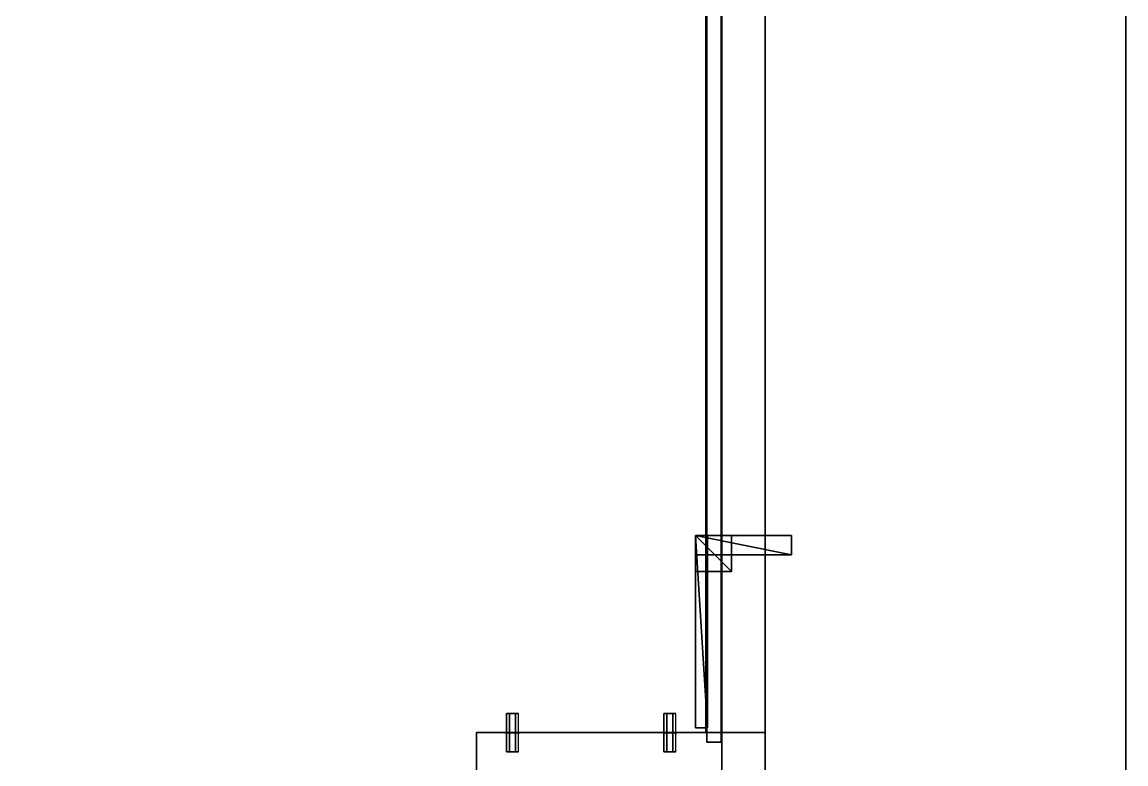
# Model space of a CAD drawing. Extents: x 0 to 4068, y -4475 to 0.
# Drawn here: x 3609 to 4068, y -4200 to -3891.5 of the extents above; entities that cross this region are included whole.
import ezdxf

# ---------------------------------------------------------------- set-up
doc = ezdxf.new("R2010")
doc.units = 0
for name, color, linetype in [('LAYER0', 7, 'CONTINUOUS'), ('LAYER197', 7, 'CONTINUOUS'), ('LAYER202', 7, 'CONTINUOUS'), ('LAYER219', 2, 'CONTINUOUS'), ('LAYER220', 7, 'CONTINUOUS'), ('LAYER221', 253, 'CONTINUOUS'), ('LAYER222', 253, 'CONTINUOUS'), ('LAYER223', 253, 'CONTINUOUS'), ('LAYER224', 253, 'CONTINUOUS'), ('LAYER225', 253, 'CONTINUOUS'), ('LAYER226', 253, 'CONTINUOUS'), ('LAYER235', 7, 'CONTINUOUS'), ('LAYER237', 7, 'CONTINUOUS'), ('LAYER241', 7, 'CONTINUOUS'), ('LAYER248', 254, 'CONTINUOUS'), ('LAYER249', 254, 'CONTINUOUS'), ('LAYER361', 7, 'CONTINUOUS'), ('LAYER40', 7, 'CONTINUOUS'), ('LAYER410', 45, 'CONTINUOUS'), ('LAYER411', 45, 'CONTINUOUS'), ('LAYER42', 7, 'CONTINUOUS'), ('LAYER44', 7, 'CONTINUOUS'), ('LAYER48', 7, 'CONTINUOUS'), ('LAYER51', 7, 'CONTINUOUS'), ('LAYER68', 2, 'CONTINUOUS'), ('LAYER69', 7, 'CONTINUOUS'), ('LAYER70', 253, 'CONTINUOUS'), ('LAYER71', 253, 'CONTINUOUS'), ('LAYER72', 253, 'CONTINUOUS'), ('LAYER73', 253, 'CONTINUOUS'), ('LAYER74', 253, 'CONTINUOUS'), ('LAYER75', 253, 'CONTINUOUS'), ('LAYER824', 45, 'CONTINUOUS'), ('LAYER84', 7, 'CONTINUOUS'), ('LAYER91', 254, 'CONTINUOUS'), ('LAYER92', 254, 'CONTINUOUS')]:
    doc.layers.add(name, color=color, linetype=linetype)

msp = doc.modelspace()

# ---------------------------------------------------------------- linework, layer by layer
at = {"layer": 'LAYER0', "invisible_edges": 1}
for points in [[(4068, 0), (0, -4475), (0, 0), (4068, 0)], [(4068, -4475, 5), (0, 0, 5), (0, -4475, 5), (4068, -4475, 5)], [(0, 0, 5), (4068, -4475, 5), (4068, 0, 5), (0, 0, 5)], [(0, -4475), (4068, 0), (4068, -4475), (0, -4475)], [(4068, 0), (4068, -4475, 5), (4068, -4475), (4068, 0)], [(4068, -4475, 5), (4068, 0), (4068, 0, 5), (4068, -4475, 5)]]:
    msp.add_3dface(points, dxfattribs=at)
at = {"layer": 'LAYER197', "invisible_edges": 1}
for points in [[(3518, -3434, 174), (3918, -4325, 174), (3918, -3434, 174), (3518, -3434, 174)], [(3918, -4325, 174), (3518, -3434, 174), (3518, -4325, 174), (3918, -4325, 174)], [(3518, -4325, 156), (3918, -3434, 156), (3918, -4325, 156), (3518, -4325, 156)], [(3918, -3434, 156), (3518, -4325, 156), (3518, -3434, 156), (3918, -3434, 156)], [(3918, -3434, 156), (3918, -4325, 174), (3918, -4325, 156), (3918, -3434, 156)], [(3918, -4325, 174), (3918, -3434, 156), (3918, -3434, 174), (3918, -4325, 174)]]:
    msp.add_3dface(points, dxfattribs=at)
at = {"layer": 'LAYER202', "invisible_edges": 1}
for points in [[(3918, -4187, 174), (3798, -4187, 880), (3918, -4187, 880), (3918, -4187, 174)], [(3798, -4187, 880), (3918, -4187, 174), (3798, -4187, 174), (3798, -4187, 880)], [(3918, -4205, 880), (3798, -4187, 880), (3798, -4205, 880), (3918, -4205, 880)], [(3798, -4187, 880), (3918, -4205, 880), (3918, -4187, 880), (3798, -4187, 880)], [(3798, -4205, 174), (3798, -4187, 880), (3798, -4187, 174), (3798, -4205, 174)], [(3798, -4187, 880), (3798, -4205, 174), (3798, -4205, 880), (3798, -4187, 880)], [(3918, -4187, 174), (3798, -4205, 174), (3798, -4187, 174), (3918, -4187, 174)], [(3798, -4205, 174), (3918, -4187, 174), (3918, -4205, 174), (3798, -4205, 174)], [(3918, -4205, 880), (3918, -4187, 174), (3918, -4187, 880), (3918, -4205, 880)], [(3918, -4187, 174), (3918, -4205, 880), (3918, -4205, 174), (3918, -4187, 174)]]:
    msp.add_3dface(points, dxfattribs=at)
at = {"layer": 'LAYER219'}
for points in [[(3889, -4185, 839), (3894, -4185, 839), (3889, -4105, 839), (3889, -4185, 839)], [(3889, -4105, 839), (3894, -4185, 839), (3894, -4105, 839), (3889, -4105, 839)], [(3889, -4105, 839), (3894, -4105, 839), (3889, -4105, 816), (3889, -4105, 839)], [(3889, -4105, 816), (3894, -4105, 839), (3894, -4105, 816), (3889, -4105, 816)], [(3889, -4185, 839), (3889, -4105, 839), (3889, -4185, 816), (3889, -4185, 839)], [(3889, -4185, 816), (3889, -4105, 839), (3889, -4105, 816), (3889, -4185, 816)], [(3889, -4185, 816), (3889, -4105, 816), (3894, -4185, 816), (3889, -4185, 816)], [(3894, -4185, 816), (3889, -4105, 816), (3894, -4105, 816), (3894, -4185, 816)], [(3894, -4185, 816), (3894, -4105, 816), (3894, -4185, 839), (3894, -4185, 816)], [(3894, -4185, 839), (3894, -4105, 816), (3894, -4105, 839), (3894, -4185, 839)], [(3889, -4185, 816), (3894, -4185, 816), (3889, -4185, 839), (3889, -4185, 816)], [(3889, -4185, 839), (3894, -4185, 816), (3894, -4185, 839), (3889, -4185, 839)]]:
    msp.add_3dface(points, dxfattribs=at)
at = {"layer": 'LAYER220', "invisible_edges": 1}
for points in [[(3889, -4105, 816), (3889, -4185, 839), (3889, -4105, 839), (3889, -4105, 816)], [(3889, -4185, 839), (3889, -4105, 816), (3889, -4185, 816), (3889, -4185, 839)], [(3894, -4105, 839), (3889, -4185, 839), (3894, -4185, 839), (3894, -4105, 839)], [(3889, -4185, 839), (3894, -4105, 839), (3889, -4105, 839), (3889, -4185, 839)], [(3889, -4105, 816), (3894, -4185, 816), (3889, -4185, 816), (3889, -4105, 816)], [(3894, -4185, 816), (3889, -4105, 816), (3894, -4105, 816), (3894, -4185, 816)], [(3894, -4105, 839), (3889, -4105, 816), (3889, -4105, 839), (3894, -4105, 839)], [(3889, -4105, 816), (3894, -4105, 839), (3894, -4105, 816), (3889, -4105, 816)], [(3894, -4185, 816), (3894, -4105, 839), (3894, -4185, 839), (3894, -4185, 816)], [(3894, -4105, 839), (3894, -4185, 816), (3894, -4105, 816), (3894, -4105, 839)], [(3894, -4185, 816), (3889, -4185, 839), (3889, -4185, 816), (3894, -4185, 816)], [(3889, -4185, 839), (3894, -4185, 816), (3894, -4185, 839), (3889, -4185, 839)]]:
    msp.add_3dface(points, dxfattribs=at)
at = {"layer": 'LAYER221'}
for points in [[(3889, -4120, 839), (3904, -4120, 839), (3889, -4105, 839), (3889, -4120, 839)], [(3889, -4105, 839), (3904, -4120, 839), (3904, -4105, 839), (3889, -4105, 839)], [(3889, -4105, 839), (3904, -4105, 839), (3889, -4105, 824), (3889, -4105, 839)], [(3889, -4105, 824), (3904, -4105, 839), (3904, -4105, 824), (3889, -4105, 824)], [(3889, -4120, 839), (3889, -4105, 839), (3889, -4120, 824), (3889, -4120, 839)], [(3889, -4120, 824), (3889, -4105, 839), (3889, -4105, 824), (3889, -4120, 824)], [(3889, -4120, 824), (3889, -4105, 824), (3904, -4120, 824), (3889, -4120, 824)], [(3904, -4120, 824), (3889, -4105, 824), (3904, -4105, 824), (3904, -4120, 824)], [(3904, -4120, 824), (3904, -4105, 824), (3904, -4120, 839), (3904, -4120, 824)], [(3904, -4120, 839), (3904, -4105, 824), (3904, -4105, 839), (3904, -4120, 839)], [(3889, -4120, 824), (3904, -4120, 824), (3889, -4120, 839), (3889, -4120, 824)], [(3889, -4120, 839), (3904, -4120, 824), (3904, -4120, 839), (3889, -4120, 839)]]:
    msp.add_3dface(points, dxfattribs=at)
at = {"layer": 'LAYER222'}
for points in [[(3889, -4120, 839), (3904, -4120, 839), (3889, -4105, 839), (3889, -4120, 839)], [(3889, -4105, 839), (3904, -4120, 839), (3904, -4105, 839), (3889, -4105, 839)], [(3889, -4105, 839), (3904, -4105, 839), (3889, -4105, 824), (3889, -4105, 839)], [(3889, -4105, 824), (3904, -4105, 839), (3904, -4105, 824), (3889, -4105, 824)], [(3889, -4120, 839), (3889, -4105, 839), (3889, -4120, 824), (3889, -4120, 839)], [(3889, -4120, 824), (3889, -4105, 839), (3889, -4105, 824), (3889, -4120, 824)], [(3889, -4120, 824), (3889, -4105, 824), (3904, -4120, 824), (3889, -4120, 824)], [(3904, -4120, 824), (3889, -4105, 824), (3904, -4105, 824), (3904, -4120, 824)], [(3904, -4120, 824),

○ ○ ○ ○ ○

## What you need to do
Provide an exact copy of only the lines from the beginning of the entries through the line containing "doc.units = 0", both ends included, with no pictures.

## Exercise result
# Model space of a CAD drawing. Extents: x 0 to 4068, y -4475 to 0.
# Drawn here: x 3609 to 4068, y -4200 to -3891.5 of the extents above; entities that cross this region are included whole.
import ezdxf

# ---------------------------------------------------------------- set-up
doc = ezdxf.new("R2010")
doc.units = 0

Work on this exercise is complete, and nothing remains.